Djibouti Sounds Alarm Over Potential Terror Attacks
Whilst the US has used Djibouti as a launching pad for its counter-terrorism efforts, there are indications that Washington is actually increasing the popularity of the very terrorist groups they seek to destroy. In a situation which can perhaps best be likened to cutting off the head of a hydra, as almost weekly news headlines point to Washington as having taken down yet another “al Qaeda leader no. 2” leader, two more militants appear willing to join the cause. Even Djibouti officials themselves, who have traditionally been willing to join Western forces in the fight against terrorism, appear to be changing their tune. More recently Ilyas Moussa Dawaleh, Djibouti’s Economy and Finance Minister, said that the presence of Western military personnel in the country, particularly those from the US and France, may be contributing to the rise of fundamentalist thought among Djiboutians. Even more alarming, is the already rising number of adherents to such extremism as a result of lingering poverty, high unemployment, and regional instability. Dawaleh added that although the presence of American and French security forces may contribute to attacks, in the long term Djibouti may be better served focusing on “fighting poverty and unemployment of our youth”. Djibouti’s legacy as a Bush-era rendition hub may also prove fodder for would-be extremists. According to testimony provided by the International Crisis Group before the African Commission for Human and Peoples Rights, Djibouti held terrorist suspects until CIA agents determined “what to do with them next”. Meanwhile, Djiboutians have been keen on voicing concern that by using Camp Lemonnier as a launching pad for operations against al Shabaab in neighbouring Somalia, as well as against the feared Ugandan-based Lord’s Resistance Army leader Joseph Kony, the tiny Red Sea nation is opening itself to further attacks.
What Next for Djibouti?
Although Djibouti’s fears are indeed cause for alarm, such concerns are likely to fall on deaf ears. To begin with, whilst the US requires the use of Camp Lemonnier to conduct its own operations, the Djibouti Government likewise needs the presence of US military personnel, if nothing else, to provide Djbouti with much needed security in the event of renewed conflict between Eritrea and Ethiopia, which as indicated by US intelligence, remains a particular area of concern for Guelleh as refugees from both nations may pour across its borders and enflame further unrest. For their part, the US Government has also been keen to point out that without Camp Lemonnier, Navy Seals would be unable to quickly respond to victims of kidnaps and piracy.
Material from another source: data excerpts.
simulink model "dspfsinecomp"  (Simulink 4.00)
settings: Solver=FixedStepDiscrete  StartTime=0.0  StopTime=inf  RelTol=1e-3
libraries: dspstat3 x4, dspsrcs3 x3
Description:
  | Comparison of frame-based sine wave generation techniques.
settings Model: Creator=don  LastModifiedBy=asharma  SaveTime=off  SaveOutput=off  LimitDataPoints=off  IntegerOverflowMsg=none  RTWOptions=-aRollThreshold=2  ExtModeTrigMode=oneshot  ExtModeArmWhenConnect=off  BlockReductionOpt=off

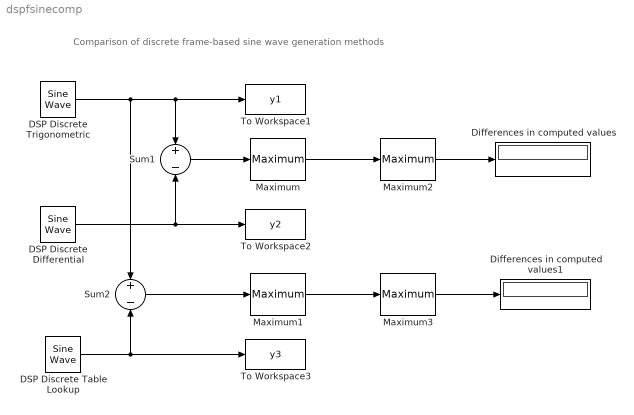
== system dspfsinecomp ==
  note: Comparison of discrete frame-based
      | sine wave generation methods
  DSP Discrete Differential : dspsrcs3/Sine Wave  Amplitude=1  Frequency=1e4  Phase=0  SampleMode=Discrete  OutComplex=Real  CompMethod=Differential  SampleTime=1e-5  SamplesPerFrame=32  ResetState=Restart at time zero
  DSP Discrete Table Lookup : dspsrcs3/Sine Wave  Amplitude=1  Frequency=1e4  Phase=0  SampleMode=Discrete  OutComplex=Real  CompMethod=Table Lookup  SampleTime=1e-5  SamplesPerFrame=32  ResetState=Restart at time zero
  DSP Discrete Trigonometric : dspsrcs3/Sine Wave  Amplitude=1  Frequency=1e4  Phase=0  SampleMode=Discrete  OutComplex=Real  CompMethod=Trigonometric Fcn  SampleTime=1e-5  SamplesPerFrame=32  ResetState=Restart at time zero
  Differences in computed values : Display
      settings: Format=short
  Differences in computed values1 : Display
      settings: Format=short
  Maximum : dspstat3/Maximum  fcn=Running  reset=None
  Maximum1 : dspstat3/Maximum  fcn=Running  reset=None
  Maximum2 : dspstat3/Maximum  fcn=Value  reset=None
  Maximum3 : dspstat3/Maximum  fcn=Value  reset=None
  Sum1 : Sum  Inputs=+-  SaturateOnIntegerOverflow=on
  Sum2 : Sum  Inputs=+-  SaturateOnIntegerOverflow=on
  To Workspace1 : ToWorkspace  VariableName=y1  SampleTime=-1  SaveFormat=Array
  To Workspace2 : ToWorkspace  VariableName=y2  SampleTime=-1  SaveFormat=Array
  To Workspace3 : ToWorkspace  VariableName=y3  SampleTime=-1  SaveFormat=Array
  wires:
  DSP Discrete Trigonometric/1 -> Sum1/1, To Workspace1/1, Sum2/1
  Sum1/1 -> Maximum/1
  Maximum/1 -> Maximum2/1
  DSP Discrete Differential/1 -> Sum1/2, To Workspace2/1
  Sum2/1 -> Maximum1/1
  DSP Discrete Table Lookup/1 -> Sum2/2, To Workspace3/1
  Maximum1/1 -> Maximum3/1
  Maximum2/1 -> Differences in computed values/1
  Maximum3/1 -> Differences in computed values1/1

Using the headline-ripping incident on 23 January 2012, which saw members of Seal Team Six (the very same men who took down Osama Bin Laden) rescue one American woman and Danish national as an example, the US Government maintains that such an operation would not have been possible without the use of Camp Lemonnier. Additionally, there are those who point to the lack of any recent high-profile terrorist activities Djbouti as being proof of the need for American military presence. Indeed, aside from a decision on 23 July 2010, by a Djiboutian court to sentence former prominent businessman Abdourahman “Charles” Boreh in absentia for “inciting terrorist acts”, terrorism has largely been absent from the Djibouti limelight. In the end, however, the Djibouti Government is perhaps right to raise concerns that by deploying more US forces in the area, the threat of small-scale localised terrorism may increase. Underscoring this potential, in July 2010, al Shabaab claimed responsibility for attacks in Uganda citing the East African country’s decision to send its military into Somalia as a reason for its bloodshed. Furthermore, would-be terrorists may use the US military as a scapegoat for the country’s other problems, namely its chronic food shortages and unemployment rates as high as 50%. Perhaps then, the US and President Guelleh may be wise to tackle these underlying issues, rather than address the problem using a largely ‘cosmetic’ military response.